A couple strolled too close to them on the narrow quay, almost jostling into Tristanne. But Nikos shot out a hand again and moved her out of the way, his touch shocking against her skin for all that it was protective, even kind. He did not speak, but he did not drop his hand from her forearm, either. Tristanne imagined she could see the force of his touch, the feel of it, dancing over her like light, illuminating all of her hidden places, her shadows.

She could not do this. Any of this. She could not feel. Neither temper nor despair nor…this softer, scarier thing she dared not name. Emotion had no place here, between them. She could not allow it.

She cleared her throat. “I am speaking rhetorically, of course,” she said, her voice husky with the things she could not show, not even to herself.

“Of course.”

His mouth flirted with that half smile of his that she was appalled to realize she wanted to see, even yearned to see, while his eyes gleamed almost silver in the dark. She shivered, though she was not cold.

“Come,” he said quietly. “It is time for food, not fighting.”

Chapter Six

NIKOS did not understand how he could possibly have rowed in a public street.
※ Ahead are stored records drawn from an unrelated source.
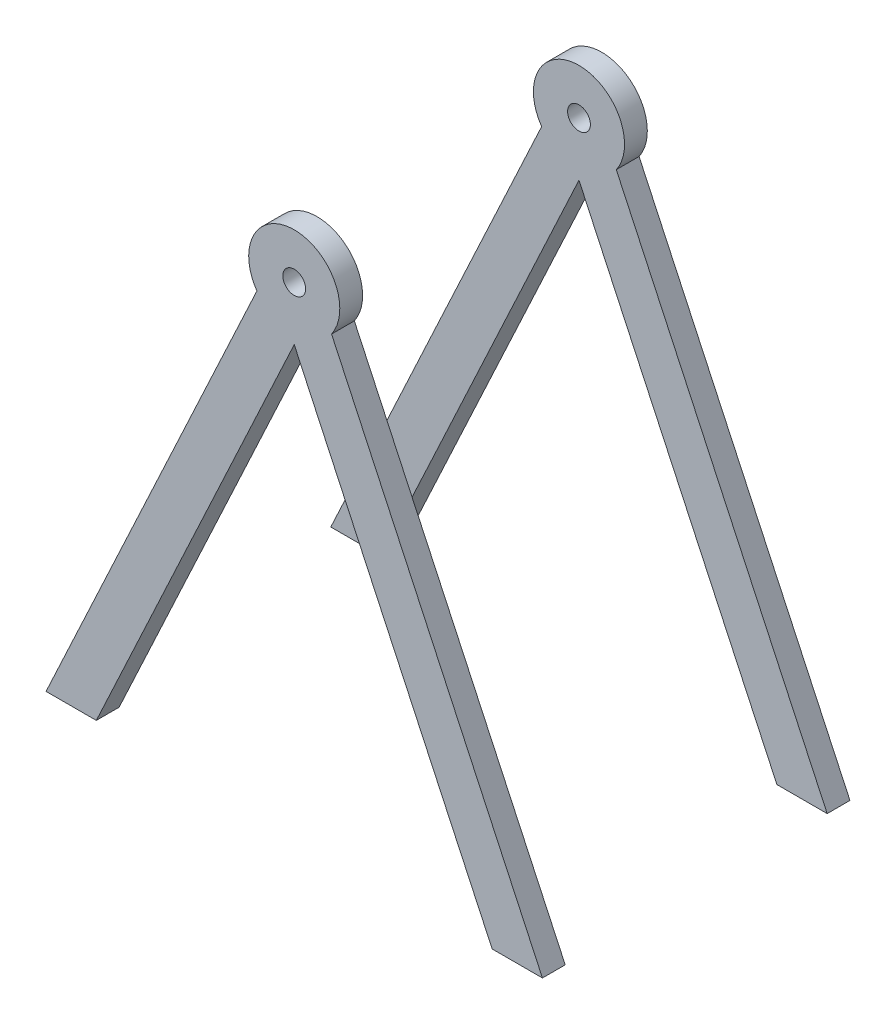
ISO-10303-21;
HEADER;
FILE_DESCRIPTION(('STEP AP214'),'2;1');
FILE_NAME('part.step','',(''),(''),'','','');
FILE_SCHEMA(('AUTOMOTIVE_DESIGN { 1 0 10303 214 1 1 1 1 }'));
ENDSEC;
DATA;
#1=APPLICATION_CONTEXT('core data for automotive mechanical design processes');
#2=APPLICATION_PROTOCOL_DEFINITION('international standard','automotive_design',2000,#1);
#3=PRODUCT_CONTEXT('',#1,'mechanical');
#4=PRODUCT('Part','Part','',(#3));
#5=PRODUCT_RELATED_PRODUCT_CATEGORY('part','',(#4));
#6=PRODUCT_DEFINITION_FORMATION('','',#4);
#7=PRODUCT_DEFINITION_CONTEXT('part definition',#1,'design');
#8=PRODUCT_DEFINITION('design','',#6,#7);
#9=PRODUCT_DEFINITION_SHAPE('','',#8);
#10=(LENGTH_UNIT() NAMED_UNIT(*) SI_UNIT(.MILLI.,.METRE.));
#11=(NAMED_UNIT(*) PLANE_ANGLE_UNIT() SI_UNIT($,.RADIAN.));
#12=(NAMED_UNIT(*) SI_UNIT($,.STERADIAN.) SOLID_ANGLE_UNIT());
#13=UNCERTAINTY_MEASURE_WITH_UNIT(LENGTH_MEASURE(1.E-05),#10,'distance_accuracy_value','');
#14=(GEOMETRIC_REPRESENTATION_CONTEXT(3) GLOBAL_UNCERTAINTY_ASSIGNED_CONTEXT((#13)) GLOBAL_UNIT_ASSIGNED_CONTEXT((#10,
#11,#12)) REPRESENTATION_CONTEXT('',''));
#15=CARTESIAN_POINT('',(0.,0.,0.));
#16=DIRECTION('',(0.,0.,1.));
#17=DIRECTION('',(1.,0.,0.));
#18=AXIS2_PLACEMENT_3D('',#15,#16,#17);
#19=CARTESIAN_POINT('',(0.,210.,-125.));
#20=DIRECTION('',(0.,0.,-1.));
#21=DIRECTION('',(1.,0.,0.));
#22=AXIS2_PLACEMENT_3D('',#19,#20,#21);
#23=PLANE('',#22);
#24=DIRECTION('',(0.422618261740694,-0.906307787036653,0.));
#25=VECTOR('',#24,1.);
#26=CARTESIAN_POINT('',(0.,186.337984168475,-125.));
#27=LINE('',#26,#25);
#28=CARTESIAN_POINT('',(0.,186.337984168475,-125.));
#29=VERTEX_POINT('',#28);
#30=CARTESIAN_POINT('',(86.8908290229232,0.,-125.));
#31=VERTEX_POINT('',#30);
#32=EDGE_CURVE('E153',#29,#31,#27,.T.);
#33=ORIENTED_EDGE('',*,*,#32,.F.);
#34=DIRECTION('',(0.422618261740694,0.906307787036653,0.));
#35=VECTOR('',#34,1.);
#36=CARTESIAN_POINT('',(0.,186.337984168475,-125.));
#37=LINE('',#36,#35);
#38=CARTESIAN_POINT('',(-86.8908290229232,0.,-125.));
#39=VERTEX_POINT('',#38);
#40=EDGE_CURVE('E130',#39,#29,#37,.T.);
#41=ORIENTED_EDGE('',*,*,#40,.F.);
#42=DIRECTION('',(1.,0.,0.));
#43=VECTOR('',#42,1.);
#44=CARTESIAN_POINT('',(-108.958387402173,0.,-125.));
#45=LINE('',#44,#43);
#46=CARTESIAN_POINT('',(-108.958387402173,0.,-125.));
#47=VERTEX_POINT('',#46);
#48=EDGE_CURVE('E111',#47,#39,#45,.T.);
#49=ORIENTED_EDGE('',*,*,#48,.F.);
#50=DIRECTION('',(-0.422618261740694,-0.906307787036653,0.));
#51=VECTOR('',#50,1.);
#52=CARTESIAN_POINT('',(-16.3830408857798,198.528471272979,-125.));
#53=LINE('',#52,#51);
#54=CARTESIAN_POINT('',(-16.3830408857798,198.528471272979,-125.));
#55=VERTEX_POINT('',#54);
#56=EDGE_CURVE('E121',#55,#47,#53,.T.);
#57=ORIENTED_EDGE('',*,*,#56,.F.);
#58=CARTESIAN_POINT('',(0.,210.,-125.));
#59=DIRECTION('',(0.,0.,1.));
#60=DIRECTION('',(1.,0.,0.));
#61=AXIS2_PLACEMENT_3D('',#58,#59,#60);
#62=CIRCLE('',#61,20.);
#63=CARTESIAN_POINT('',(16.3830408857798,198.528471272979,-125.));
#64=VERTEX_POINT('',#63);
#65=EDGE_CURVE('E126',#64,#55,#62,.T.);
#66=ORIENTED_EDGE('',*,*,#65,.F.);
#67=DIRECTION('',(-0.422618261740694,0.906307787036653,0.));
#68=VECTOR('',#67,1.);
#69=CARTESIAN_POINT('',(16.3830408857798,198.528471272979,-125.));
#70=LINE('',#69,#68);
#71=CARTESIAN_POINT('',(108.958387402173,0.,-125.));
#72=VERTEX_POINT('',#71);
#73=EDGE_CURVE('E170',#72,#64,#70,.T.);
#74=ORIENTED_EDGE('',*,*,#73,.F.);
#75=DIRECTION('',(1.,0.,0.));
#76=VECTOR('',#75,1.);
#77=CARTESIAN_POINT('',(108.958387402173,0.,-125.));
#78=LINE('',#77,#76);
#79=EDGE_CURVE('E160',#31,#72,#78,.T.);
#80=ORIENTED_EDGE('',*,*,#79,.F.);
#81=EDGE_LOOP('',(#33,#41,#49,#57,#66,#74,#80));
#82=FACE_BOUND('',#81,.T.);
#83=CARTESIAN_POINT('',(0.,210.,-125.));
#84=DIRECTION('',(0.,0.,1.));
#85=DIRECTION('',(1.,0.,0.));
#86=AXIS2_PLACEMENT_3D('',#83,#84,#85);
#87=CIRCLE('',#86,5.00000000000001);
#88=CARTESIAN_POINT('',(5.00000000000001,210.,-125.));
#89=VERTEX_POINT('',#88);
#90=EDGE_CURVE('E139',#89,#89,#87,.T.);
#91=ORIENTED_EDGE('',*,*,#90,.T.);
#92=EDGE_LOOP('',(#91));
#93=FACE_BOUND('',#92,.T.);
#94=ADVANCED_FACE('F44',(#82,#93),#23,.T.);
#95=CARTESIAN_POINT('',(0.,210.,-115.));
#96=DIRECTION('',(0.,0.,-1.));
#97=DIRECTION('',(1.,0.,0.));
#98=AXIS2_PLACEMENT_3D('',#95,#96,#97);
#99=PLANE('',#98);
#100=DIRECTION('',(0.422618261740694,-0.906307787036653,0.));
#101=VECTOR('',#100,1.);
#102=CARTESIAN_POINT('',(0.,186.337984168475,-115.));
#103=LINE('',#102,#101);
#104=CARTESIAN_POINT('',(0.,186.337984168475,-115.));
#105=VERTEX_POINT('',#104);
#106=CARTESIAN_POINT('',(86.8908290229232,0.,-115.));
#107=VERTEX_POINT('',#106);
#108=EDGE_CURVE('E135',#105,#107,#103,.T.);
#109=ORIENTED_EDGE('',*,*,#108,.T.);
#110=DIRECTION('',(1.,0.,0.));
#111=VECTOR('',#110,1.);
#112=CARTESIAN_POINT('',(108.958387402173,0.,-115.));
#113=LINE('',#112,#111);
#114=CARTESIAN_POINT('',(108.958387402173,0.,-115.));
#115=VERTEX_POINT('',#114);
#116=EDGE_CURVE('E138',#107,#115,#113,.T.);
#117=ORIENTED_EDGE('',*,*,#116,.T.);
#118=DIRECTION('',(-0.422618261740694,0.906307787036653,0.));
#119=VECTOR('',#118,1.);
#120=CARTESIAN_POINT('',(16.3830408857798,198.528471272979,-115.));
#121=LINE('',#120,#119);
#122=CARTESIAN_POINT('',(16.3830408857798,198.528471272979,-115.));
#123=VERTEX_POINT('',#122);
#124=EDGE_CURVE('E142',#115,#123,#121,.T.);
#125=ORIENTED_EDGE('',*,*,#124,.T.);
#126=CARTESIAN_POINT('',(0.,210.,-115.));
#127=DIRECTION('',(0.,0.,1.));
#128=DIRECTION('',(1.,0.,0.));
#129=AXIS2_PLACEMENT_3D('',#126,#127,#128);
#130=CIRCLE('',#129,20.);
#131=CARTESIAN_POINT('',(-16.3830408857798,198.528471272979,-115.));
#132=VERTEX_POINT('',#131);
#133=EDGE_CURVE('E145',#123,#132,#130,.T.);
#134=ORIENTED_EDGE('',*,*,#133,.T.);
#135=DIRECTION('',(-0.422618261740694,-0.906307787036653,0.));
#136=VECTOR('',#135,1.);
#137=CARTESIAN_POINT('',(-16.3830408857798,198.528471272979,-115.));
#138=LINE('',#137,#136);
#139=CARTESIAN_POINT('',(-108.958387402173,0.,-115.));
#140=VERTEX_POINT('',#139);
#141=EDGE_CURVE('E148',#132,#140,#138,.T.);
#142=ORIENTED_EDGE('',*,*,#141,.T.);
#143=DIRECTION('',(1.,0.,0.));
#144=VECTOR('',#143,1.);
#145=CARTESIAN_POINT('',(-108.958387402173,0.,-115.));
#146=LINE('',#145,#144);
#147=CARTESIAN_POINT('',(-86.8908290229232,0.,-115.));
#148=VERTEX_POINT('',#147);
#149=EDGE_CURVE('E114',#140,#148,#146,.T.);
#150=ORIENTED_EDGE('',*,*,#149,.T.);
#151=DIRECTION('',(0.422618261740694,0.906307787036653,0.));
#152=VECTOR('',#151,1.);
#153=CARTESIAN_POINT('',(0.,186.337984168475,-115.));
#154=LINE('',#153,#152);
#155=EDGE_CURVE('E151',#148,#105,#154,.T.);
#156=ORIENTED_EDGE('',*,*,#155,.T.);
#157=EDGE_LOOP('',(#109,#117,#125,#134,#142,#150,#156));
#158=FACE_BOUND('',#157,.T.);
#159=CARTESIAN_POINT('',(0.,210.,-115.));
#160=DIRECTION('',(0.,0.,1.));
#161=DIRECTION('',(1.,0.,0.));
#162=AXIS2_PLACEMENT_3D('',#159,#160,#161);
#163=CIRCLE('',#162,5.00000000000001);
#164=CARTESIAN_POINT('',(5.00000000000001,210.,-115.));
#165=VERTEX_POINT('',#164);
#166=EDGE_CURVE('E173',#165,#165,#163,.T.);
#167=ORIENTED_EDGE('',*,*,#166,.F.);
#168=EDGE_LOOP('',(#167));
#169=FACE_BOUND('',#168,.T.);
#170=ADVANCED_FACE('F167',(#158,#169),#99,.F.);
#171=CARTESIAN_POINT('',(0.,186.337984168475,-125.));
#172=DIRECTION('',(0.906307787036653,0.422618261740694,0.));
#173=DIRECTION('',(-0.422618261740694,0.906307787036653,0.));
#174=AXIS2_PLACEMENT_3D('',#171,#172,#173);
#175=PLANE('',#174);
#176=ORIENTED_EDGE('',*,*,#108,.F.);
#177=DIRECTION('',(0.,0.,1.));
#178=VECTOR('',#177,1.);
#179=CARTESIAN_POINT('',(0.,186.337984168475,-125.));
#180=LINE('',#179,#178);
#181=EDGE_CURVE('E61',#29,#105,#180,.T.);
#182=ORIENTED_EDGE('',*,*,#181,.F.);
#183=ORIENTED_EDGE('',*,*,#32,.T.);
#184=DIRECTION('',(0.,0.,1.));
#185=VECTOR('',#184,1.);
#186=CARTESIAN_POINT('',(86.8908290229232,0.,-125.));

With a woman he had yet to take to his bed, no less. It defied all reason. It went against nearly forty years of habit and precedent, for that matter, and disturbed him deeply.

He was not in the habit of suffering through emotional scenes, his own or anyone else’s. He did not soothe hurt feelings or tactfully contain angry explosions. He had never before entertained the faintest urge to do either. He did not allow emotion into his life, in any form. Not anymore. It had been long years since he’d backed down from a challenge or left accusations unanswered—in fact, he preferred to respond as forcefully as possible, decimating his accusers, grinding them into dust beneath his feet, ensuring neither they nor anyone in their vicinity would dare to test him again.

Until tonight.

He sat across from Tristanne in his favorite waterfront trattoria, the light from a hundred flickering candles playing over her lovely features, wondering what spell she had cast upon him to make him behave so unlike himself. He paid no attention to the fine, fresh food before them—airy foccacia with a tangy olive tapenade, hand-crafted pasta flavored with pesto corto, grilled peppers and anchovies, and the freshest fish imaginable tossed with garlic and olive oil. How could he concentrate on food? He was galled by his own uncharacteristic display of something very close to weakness. The worst kind of weakness—and to a Barbery, no less!

Was that her game? To make him betray his own vows to himself? If so, he was appalled to see how well it was working. What was next? Would he break into sobs in the center of the village piazza? Weep for his wounded inner child? He would more readily saw off his own head with the butter knife that rested on the crisp white linen tablecloth before him.

“You are by far the most mysterious member of your family,” he said, because that was the point, after all, of this charade, was it not? To destroy the Barberys by whatever means necessary, to gather the information he needed to do so? More than this, he needed to break the silence. Quiet between them seemed too dangerous now; too fraught with undercurrents and meanings he refused to explore. Sexual tension he understood, even encouraged. Anything beyond that was anathema to him. He was here to seduce her, to wreak his revenge on her very skin—not to comfort her.

“Mysterious?” He noticed the way she tensed in her chair. Did she expect an attack? Perhaps she should. Her eyes met his briefly. “Hardly.”